Universal healthcare: the affordable dream

Title Universal healthcare: the affordable dream
Year 2015
Author S. Amartya
DOI  
URL http://www.theguardian.com/society/2015/jan/06/-sp-universal-healthcare-the-affordable-dream-amartya-sen
Journal  
Document Type Webpage
Document Availability Full Text
Classification Policy
Abstract Twenty-five hundred years ago, the young Gautama Buddha left his princely home, in the foothills of the Himalayas, in a state of agitation and agony. What was he so distressed about? We learn from his biography that he was moved in particular by seeing the penalties of ill health – by the sight of mortality (a dead body being taken to cremation), morbidity (a person severely afflicted by illness), and disability (a person reduced and ravaged by unaided old age). Health has been a primary concern of human beings throughout history.

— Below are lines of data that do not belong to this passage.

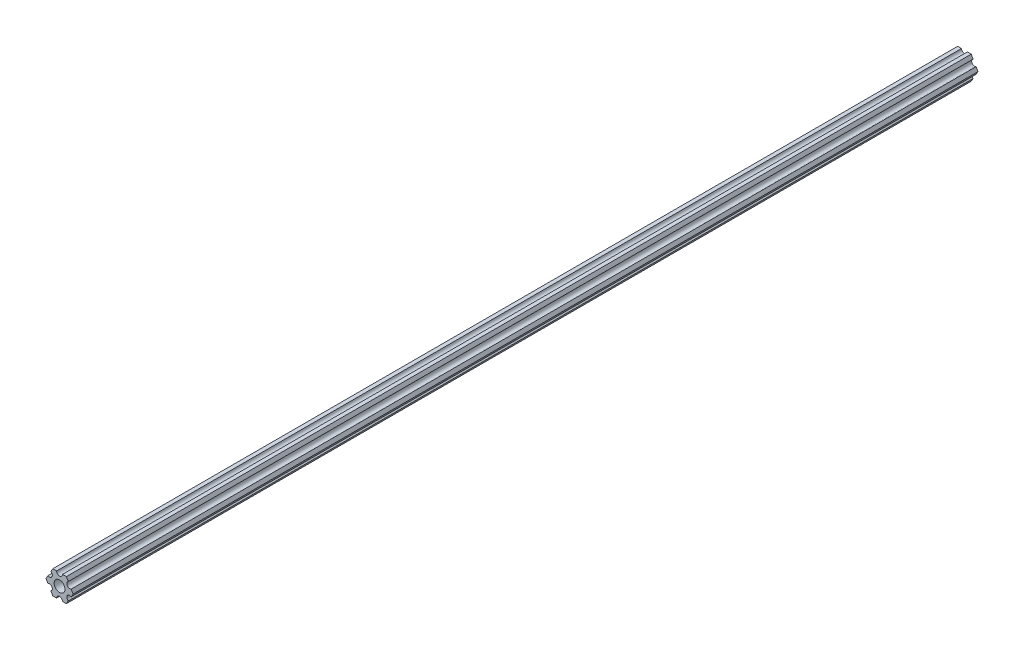
ISO-10303-21;
HEADER;
FILE_DESCRIPTION(('STEP AP214'),'2;1');
FILE_NAME('part.step','',(''),(''),'','','');
FILE_SCHEMA(('AUTOMOTIVE_DESIGN { 1 0 10303 214 1 1 1 1 }'));
ENDSEC;
DATA;
#1=APPLICATION_CONTEXT('core data for automotive mechanical design processes');
#2=APPLICATION_PROTOCOL_DEFINITION('international standard','automotive_design',2000,#1);
#3=PRODUCT_CONTEXT('',#1,'mechanical');
#4=PRODUCT('Part','Part','',(#3));
#5=PRODUCT_RELATED_PRODUCT_CATEGORY('part','',(#4));
#6=PRODUCT_DEFINITION_FORMATION('','',#4);
#7=PRODUCT_DEFINITION_CONTEXT('part definition',#1,'design');
#8=PRODUCT_DEFINITION('design','',#6,#7);
#9=PRODUCT_DEFINITION_SHAPE('','',#8);
#10=(LENGTH_UNIT() NAMED_UNIT(*) SI_UNIT(.MILLI.,.METRE.));
#11=(NAMED_UNIT(*) PLANE_ANGLE_UNIT() SI_UNIT($,.RADIAN.));
#12=(NAMED_UNIT(*) SI_UNIT($,.STERADIAN.) SOLID_ANGLE_UNIT());
#13=UNCERTAINTY_MEASURE_WITH_UNIT(LENGTH_MEASURE(1.E-05),#10,'distance_accuracy_value','');
#14=(GEOMETRIC_REPRESENTATION_CONTEXT(3) GLOBAL_UNCERTAINTY_ASSIGNED_CONTEXT((#13)) GLOBAL_UNIT_ASSIGNED_CONTEXT((#10,
#11,#12)) REPRESENTATION_CONTEXT('',''));
#15=CARTESIAN_POINT('',(0.,0.,0.));
#16=DIRECTION('',(0.,0.,1.));
#17=DIRECTION('',(1.,0.,0.));
#18=AXIS2_PLACEMENT_3D('',#15,#16,#17);
#19=CARTESIAN_POINT('',(5.49926112168156,3.17500033315933,488.95));
#20=DIRECTION('',(0.,0.,1.));
#21=DIRECTION('',(1.,0.,0.));
#22=AXIS2_PLACEMENT_3D('',#19,#20,#21);
#23=PLANE('',#22);
#24=DIRECTION('',(0.499999947533953,0.866025434075723,0.));
#25=VECTOR('',#24,1.);
#26=CARTESIAN_POINT('',(6.29301142309098,-1.80018429024546,488.95));
#27=LINE('',#26,#25);
#28=CARTESIAN_POINT('',(6.29301142309098,-1.80018429024546,488.95));
#29=VERTEX_POINT('',#28);
#30=CARTESIAN_POINT('',(7.33234841870826,4.44212519169686E-07,488.95));
#31=VERTEX_POINT('',#30);
#32=EDGE_CURVE('E226',#29,#31,#27,.T.);
#33=ORIENTED_EDGE('',*,*,#32,.T.);
#34=DIRECTION('',(-0.500000052466056,0.866025373493145,0.));
#35=VECTOR('',#34,1.);
#36=CARTESIAN_POINT('',(7.33234841870826,4.44212519169686E-07,488.95));
#37=LINE('',#36,#35);
#38=CARTESIAN_POINT('',(6.29301120497139,1.80018505273894,488.95));
#39=VERTEX_POINT('',#38);
#40=EDGE_CURVE('E124',#31,#39,#37,.T.);
#41=ORIENTED_EDGE('',*,*,#40,.T.);
#42=CARTESIAN_POINT('',(5.49926112168156,3.17500033315933,488.95));
#43=DIRECTION('',(0.,0.,-1.));
#44=DIRECTION('',(1.,0.,0.));
#45=AXIS2_PLACEMENT_3D('',#42,#43,#44);
#46=CIRCLE('',#45,1.5875);
#47=CARTESIAN_POINT('',(4.70551103839172,4.54981561357972,488.95));
#48=VERTEX_POINT('',#47);
#49=EDGE_CURVE('E271',#39,#48,#46,.T.);
#50=ORIENTED_EDGE('',*,*,#49,.T.);
#51=DIRECTION('',(-0.500000052466046,0.866025373493151,0.));
#52=VECTOR('',#51,1.);
#53=CARTESIAN_POINT('',(4.70551103839172,4.54981561357972,488.95));
#54=LINE('',#53,#52);
#55=CARTESIAN_POINT('',(3.66617382465481,6.35000022210627,488.95));
#56=VERTEX_POINT('',#55);
#57=EDGE_CURVE('E290',#48,#56,#54,.T.);
#58=ORIENTED_EDGE('',*,*,#57,.T.);
#59=DIRECTION('',(-0.999999999999998,-6.05825850611185E-08,0.));
#60=VECTOR('',#59,1.);
#61=CARTESIAN_POINT('',(3.66617382465481,6.35000022210627,488.95));
#62=LINE('',#61,#60);
#63=CARTESIAN_POINT('',(1.58749961530074,6.35000009617482,488.95));
#64=VERTEX_POINT('',#63);
#65=EDGE_CURVE('E287',#56,#64,#62,.T.);
#66=ORIENTED_EDGE('',*,*,#65,.T.);
#67=CARTESIAN_POINT('',(-3.84699260060323E-07,6.35,488.95));
#68=DIRECTION('',(0.,0.,-1.));
#69=DIRECTION('',(1.,0.,0.));
#70=AXIS2_PLACEMENT_3D('',#67,#68,#69);
#71=CIRCLE('',#70,1.5875);
#72=CARTESIAN_POINT('',(-1.58750038469926,6.34999990382518,488.95));
#73=VERTEX_POINT('',#72);
#74=EDGE_CURVE('E289',#64,#73,#71,.T.);
#75=ORIENTED_EDGE('',*,*,#74,.T.);
#76=DIRECTION('',(-0.999999999999998,-6.05825963273174E-08,0.));
#77=VECTOR('',#76,1.);
#78=CARTESIAN_POINT('',(-1.58750038469926,6.34999990382518,488.95));
#79=LINE('',#78,#77);
#80=CARTESIAN_POINT('',(-3.66617459405349,6.3499997778937,488.95));
#81=VERTEX_POINT('',#80);
#82=EDGE_CURVE('E292',#73,#81,#79,.T.);
#83=ORIENTED_EDGE('',*,*,#82,.T.);
#84=DIRECTION('',(-0.499999947533942,-0.866025434075729,0.));
#85=VECTOR('',#84,1.);
#86=CARTESIAN_POINT('',(-3.66617459405349,6.3499997778937,488.95));
#87=LINE('',#86,#85);
#88=CARTESIAN_POINT('',(-4.70551158967065,4.54981504343587,488.95));
#89=VERTEX_POINT('',#88);
#90=EDGE_CURVE('E298',#81,#89,#87,.T.);
#91=ORIENTED_EDGE('',*,*,#90,.T.);
#92=CARTESIAN_POINT('',(-5.49926150638082,3.17499966684067,488.95));
#93=DIRECTION('',(0.,0.,-1.));
#94=DIRECTION('',(1.,0.,0.));
#95=AXIS2_PLACEMENT_3D('',#92,#93,#94);
#96=CIRCLE('',#95,1.5875);
#97=CARTESIAN_POINT('',(-6.29301142309098,1.80018429024547,488.95));
#98=VERTEX_POINT('',#97);
#99=EDGE_CURVE('E300',#89,#98,#96,.T.);
#100=ORIENTED_EDGE('',*,*,#99,.T.);
#101=DIRECTION('',(-0.499999947533951,-0.866025434075724,0.));
#102=VECTOR('',#101,1.);
#103=CARTESIAN_POINT('',(-6.29301142309098,1.80018429024547,488.95));
#104=LINE('',#103,#102);
#105=CARTESIAN_POINT('',(-7.33234841870826,-4.44212523790841E-07,488.95));
#106=VERTEX_POINT('',#105);
#107=EDGE_CURVE('E302',#98,#106,#104,.T.);
#108=ORIENTED_EDGE('',*,*,#107,.T.);
#109=DIRECTION('',(0.500000052466045,-0.866025373493151,0.));
#110=VECTOR('',#109,1.);
#111=CARTESIAN_POINT('',(-7.33234841870826,-4.44212523790841E-07,488.95));
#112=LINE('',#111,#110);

It should, therefore, come as no surprise that healthcare for all – “universal healthcare” (UHC) – has been a highly appealing social objective in most countries in the world, even in those that have not got very far in actually providing it. The usual reason given for not attempting to provide universal healthcare in a country is poverty. The United States, which can certainly afford to provide healthcare at quite a high level for all Americans, is exceptional in terms of the popularity of the view that any kind of public establishment of universal healthcare must somehow involve unacceptable intrusions into private life. There is considerable political complexity in the resistance to UHC in the US, often led by medical business and fed by ideologues who want “the government to be out of our lives”, and also in the systematic cultivation of a deep suspicion of any kind of national health service, as is standard in Europe (“socialised medicine” is now a term of horror in the US).